Architecture¶

ml-labs is composed of four core modules, each with a distinct responsibility.

Pipeline ──────── defines the node graph (structure)
    │
Experimenter ──── executes builds and experiments (single dataset)
    │
Trainer ────────── trains with cross-validation splits
    │
Inferencer ─────── applies trained processors to new data

Pipeline¶

Pipeline is a directed graph of nodes that describes the ML workflow structure — which processors exist, how they connect, and what parameters they use. It holds no data and performs no computation. It is the blueprint that Experimenter and Trainer read.

Experimenter¶

Experimenter takes a Pipeline and a dataset, then executes the graph node by node.
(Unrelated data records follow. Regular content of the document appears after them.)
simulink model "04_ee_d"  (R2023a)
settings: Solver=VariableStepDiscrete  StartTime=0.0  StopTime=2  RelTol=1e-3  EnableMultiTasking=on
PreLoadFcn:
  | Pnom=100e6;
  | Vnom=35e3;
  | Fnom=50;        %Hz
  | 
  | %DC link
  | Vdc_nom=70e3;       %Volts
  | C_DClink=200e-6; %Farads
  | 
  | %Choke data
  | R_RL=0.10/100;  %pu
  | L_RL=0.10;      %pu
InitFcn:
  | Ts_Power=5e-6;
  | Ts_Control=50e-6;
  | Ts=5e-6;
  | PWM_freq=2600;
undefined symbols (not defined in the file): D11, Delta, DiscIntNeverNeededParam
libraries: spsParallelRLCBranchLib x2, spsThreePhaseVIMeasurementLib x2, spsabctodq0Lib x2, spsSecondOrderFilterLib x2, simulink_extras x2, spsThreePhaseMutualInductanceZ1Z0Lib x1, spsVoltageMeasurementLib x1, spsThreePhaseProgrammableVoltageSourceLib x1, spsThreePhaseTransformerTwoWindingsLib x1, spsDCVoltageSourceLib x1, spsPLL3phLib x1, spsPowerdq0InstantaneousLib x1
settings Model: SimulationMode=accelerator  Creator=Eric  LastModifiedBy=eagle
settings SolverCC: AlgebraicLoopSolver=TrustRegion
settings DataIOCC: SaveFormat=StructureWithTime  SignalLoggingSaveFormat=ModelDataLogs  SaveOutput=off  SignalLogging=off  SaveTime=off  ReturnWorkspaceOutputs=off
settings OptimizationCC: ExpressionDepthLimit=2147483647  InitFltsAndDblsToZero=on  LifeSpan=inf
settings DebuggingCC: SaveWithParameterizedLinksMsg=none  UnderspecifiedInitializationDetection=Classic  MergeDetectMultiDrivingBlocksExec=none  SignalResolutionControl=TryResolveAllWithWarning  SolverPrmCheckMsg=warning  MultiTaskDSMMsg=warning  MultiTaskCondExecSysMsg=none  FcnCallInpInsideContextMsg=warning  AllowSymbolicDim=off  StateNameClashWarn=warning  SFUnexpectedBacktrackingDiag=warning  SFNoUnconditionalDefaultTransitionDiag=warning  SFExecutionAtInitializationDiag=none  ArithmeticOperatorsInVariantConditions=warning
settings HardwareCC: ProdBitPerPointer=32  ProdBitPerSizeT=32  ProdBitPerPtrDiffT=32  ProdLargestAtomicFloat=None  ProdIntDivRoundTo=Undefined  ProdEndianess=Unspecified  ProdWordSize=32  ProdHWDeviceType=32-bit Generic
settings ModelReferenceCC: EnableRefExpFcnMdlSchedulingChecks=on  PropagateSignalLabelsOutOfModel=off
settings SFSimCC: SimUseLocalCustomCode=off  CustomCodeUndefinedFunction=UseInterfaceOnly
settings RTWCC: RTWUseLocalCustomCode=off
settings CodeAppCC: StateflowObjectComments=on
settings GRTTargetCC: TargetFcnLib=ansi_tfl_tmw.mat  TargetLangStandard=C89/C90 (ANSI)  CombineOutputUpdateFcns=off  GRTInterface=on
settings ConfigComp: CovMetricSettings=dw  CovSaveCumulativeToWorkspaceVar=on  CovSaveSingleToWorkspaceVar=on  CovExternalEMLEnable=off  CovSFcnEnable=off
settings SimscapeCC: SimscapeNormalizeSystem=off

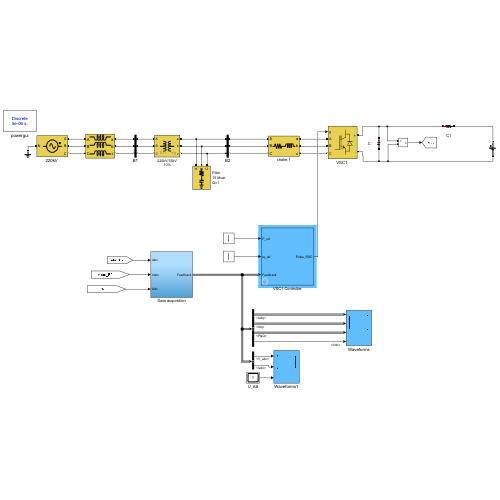
[thumbnail: Simulink's stored preview of the top-level diagram]
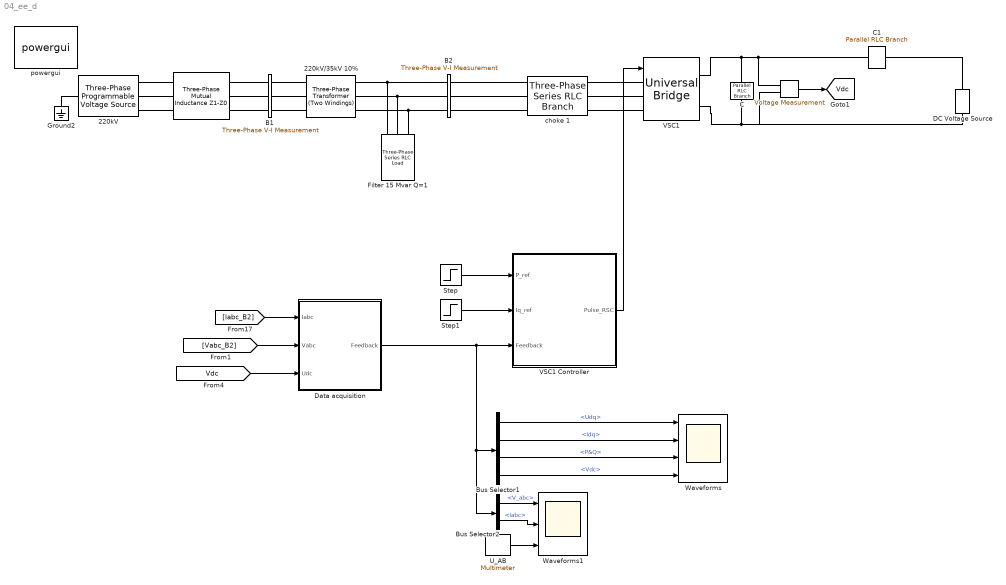
== system 04_ee_d ==
  "  " : spsThreePhaseMutualInductanceZ1Z0Lib/Three-Phase Mutual Inductance Z1-Z0  LConnTagsString=a|b|c  RConnTagsString=A|B|C  PositiveSequence="[ 220e3^2/(10*Pnom)/10  220e3^2/(10*Pnom)/(2*pi*50)]"  ZeroSequence="[220e3^2/(10*Pnom)/10*3  220e3^2/(10*Pnom)/(2*pi*50)*3]"
      settings: AttributesFormatString=\n
      settings: LibrarySourceBlock=|
      | sps_lib/Power Grid Elements/Three-Phase
      | Mutual Inductance
      | Z1-Z0
  "     " : spsVoltageMeasurementLib/Voltage Measurement  PhasorSimulation=off  OutputType=Complex  PSBequivalent=0
  " C" : spsParallelRLCBranchLib/Parallel RLC Branch  LConnTagsString=a  RConnTagsString=__new0  BranchType=C  Resistance=1000000  Inductance=1e-3  SetiL0=off  InitialCurrent=0  Capacitance=C_DClink  Setx0=on  InitialVoltage=Vdc_nom  Measurements=None
  " C1" : spsParallelRLCBranchLib/Parallel RLC Branch  LConnTagsString=a  RConnTagsString=__new0  BranchType=R  Resistance=5  Inductance=1e-3  SetiL0=off  InitialCurrent=0  Capacitance=C_DClink  Setx0=on  InitialVoltage=Vdc_nom  Measurements=None
  "220kV " : spsThreePhaseProgrammableVoltageSourceLib/Three-Phase Programmable Voltage Source  PositiveSequence=[220e3 0 50]  VariationEntity=None  VariationType=Table of time-amplitude pairs  VariationTypeAlt=Step  VariationStep=-0.2  VariationRate=10  VariationMagnitude=0.3  VariationFrequency=2  VariationTiming=[0.05 0.05+5/60]  VariationPhaseA=off  Amplitudes=[1 0.8 1.0]  TimeValues=[0 0.03 0.13]  HarmonicGeneration=off  HarmonicA=[1 0.05 0 2]  HarmonicB=[0 0 0 0]  Timing="[2  20]"  BusType=swing  Pref=0  Qref=0  Qmin=-inf  Qmax=inf
  220kV/35kV 10% : spsThreePhaseTransformerTwoWindingsLib/Three-Phase Transformer (Two Windings)  Winding1Connection=Delta (D11)  Winding2Connection=Yg  CoreType=Three single-phase transformers  SetSaturation=off  Hysteresis=off  DataFile='basic_model'  SetInitialFlux=off  Measurements=None  UNITS=pu  NominalPower=[Pnom*1.5 50 ]  Winding1="[ 220e3  0.05/30   0.05]"  Winding2="[ Vnom 0.05/30  0.05]"  Rm=500  Lm=500  L0=0.5  Saturation="[ 0,0  ;  0.005,1.2  ;  1.0,1.4 ]"  InitialFluxes=[ 0.8 , -0.8 , 0.7 ]  BreakLoop=off  DiscreteSolver=Trapezoidal iterative  DataType=off  TransfoNumber=0
  B1 : spsThreePhaseVIMeasurementLib/Three-Phase V-I Measurement  VoltageMeasurement=phase-to-ground  SetLabelV=on  LabelV=Vabc_B1  Vpu=on  VpuLL=off  CurrentMeasurement=yes  SetLabelI=on  LabelI=Iabc_B1  Ipu=on  Pbase=Pnom  Vbase=220e3  OutputType=Complex  PhasorSimulation=off  PSBequivalent=0
  B2 : spsThreePhaseVIMeasurementLib/Three-Phase V-I Measurement  VoltageMeasurement=phase-to-phase  SetLabelV=on  LabelV=Vabc_B2  Vpu=on  VpuLL=off  CurrentMeasurement=yes  SetLabelI=on  LabelI=Iabc_B2  Ipu=on  Pbase=Pnom  Vbase=Vnom  OutputType=Complex  PhasorSimulation=off  PSBequivalent=0
  Bus Selector1 : BusSelector  OutputSignals=Udq,Idq,P&Q,Vdc
  Bus Selector2 : BusSelector  OutputSignals=V_abc,Iabc
  DC Voltage Source : spsDCVoltageSourceLib/DC Voltage Source  Amplitude=Vdc_nom  Measurements=Voltage
  Data acquisition : Subsystem
  Filter 15 Mvar Q=1 : spsThreePhaseSeriesRLCLoadLib/Three-Phase Series RLC Load  LConnTagsString=A|B|C  Configuration=Y (grounded)  NominalVoltage=Vnom  Vabc=[1e3 1e3 1e3]  Vabcp=[1e3 1e3 1e3]  NominalFrequency=Fnom  UnbalancedPower=off  ActivePower=Pnom*0.15/50  InductivePower=0  CapacitivePower=Pnom*0.15  Pabc=[10e3 9e3 11e3]  QLabc=[100 90 110]  QCabc=[100 90 110]  Pabcp=[10e3 9e3 11e3]  QLabcp=[100 90 110]  QCabcp=[100 90 110]  Measurements=None  LoadType=constant Z
  Ground2 : spsGroundLib/Ground  LConnTagsString=a
  Step : Step  Before=0.5  SampleTime=0
  Step1 : Step  Time=1.5  After=0.2  SampleTime=0
  U_AB : spsMultimeterLib/Multimeter  L=5  sel=1  yselected={}  Gain=1  OutputType=Complex  PlotAtSimulationStop=off  PhasorSimulation=off
  "VSC1 " : spsUniversalBridgeLib/Universal Bridge  Arms=3  SnubberResistance=5000  SnubberCapacitance=1e-6  Device=IGBT / Diodes  Ron=1e-3  Lon=0  ForwardVoltages="[  0  0  ]"  ForwardVoltage=0  GTOparameters=[ 10e-6 , 20e-6 ]  IGBTparameters=[ 0 , 0 ]  Measurements=UAB UBC UCA UDC voltages  Measurements_2=None  converterType=Rectifier
  VSC1 Controller : Subsystem  mask{Kpi_grid_side=[0.5 50 1]}
      mask prompts: Kpi_grid_side "PI controller of Grid-side Current"
      mask init:
      | Kp_grid_side_cur_reg=Kpi_grid_side(1);
      | Ki_grid_side_cur_reg=Kpi_grid_side(2);
      | Limit_U_grid_side=Kpi_grid_side(3);
  Waveforms : Scope  NumInputPorts=4
  Waveforms1 : Scope  NumInputPorts=3
  choke 1 : spsThreePhaseSeriesRLCBranchLib/Three-Phase Series RLC Branch  LConnTagsString=A|B|C  RConnTagsString=A|B|C  BranchType=RL  Resistance=R_RL*Vnom^2/Pnom  Inductance=L_RL*Vnom^2/Pnom/(2*pi*Fnom)  Capacitance=[]  Measurements=None
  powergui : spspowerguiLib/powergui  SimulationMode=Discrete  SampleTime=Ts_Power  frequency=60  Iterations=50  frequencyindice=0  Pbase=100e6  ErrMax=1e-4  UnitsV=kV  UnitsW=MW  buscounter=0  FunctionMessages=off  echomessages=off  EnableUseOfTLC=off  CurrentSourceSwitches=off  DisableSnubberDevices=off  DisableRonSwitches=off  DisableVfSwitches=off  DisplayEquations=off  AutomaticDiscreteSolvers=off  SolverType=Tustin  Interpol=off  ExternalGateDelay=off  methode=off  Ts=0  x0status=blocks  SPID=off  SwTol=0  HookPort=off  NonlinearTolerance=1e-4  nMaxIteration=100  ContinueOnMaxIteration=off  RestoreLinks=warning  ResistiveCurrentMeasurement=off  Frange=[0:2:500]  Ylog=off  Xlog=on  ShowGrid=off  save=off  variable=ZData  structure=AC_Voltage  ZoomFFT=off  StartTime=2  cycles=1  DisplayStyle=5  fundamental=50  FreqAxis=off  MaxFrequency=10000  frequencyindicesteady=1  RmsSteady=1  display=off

It manages:

Build (build()): runs Stage nodes (transformers)
Experiment (exp()): runs Head nodes (predictors)
Collectors: pluggable objects that capture metrics, outputs, SHAP values, or stacking data during execution
Cache: LRU cache (capacity-based) to avoid recomputing Stage outputs

Trainer¶

Trainer handles cross-validation. It splits data using a splitter, then runs each node across all splits. Stage outputs are kept in memory; Head outputs are written to disk per split. The result can be converted to an Inferencer via to_inferencer().

Inferencer¶

Inferencer holds the fitted processors produced by Trainer. Given new data, it runs each split's processors and aggregates the results (mean, mode, or a custom callable).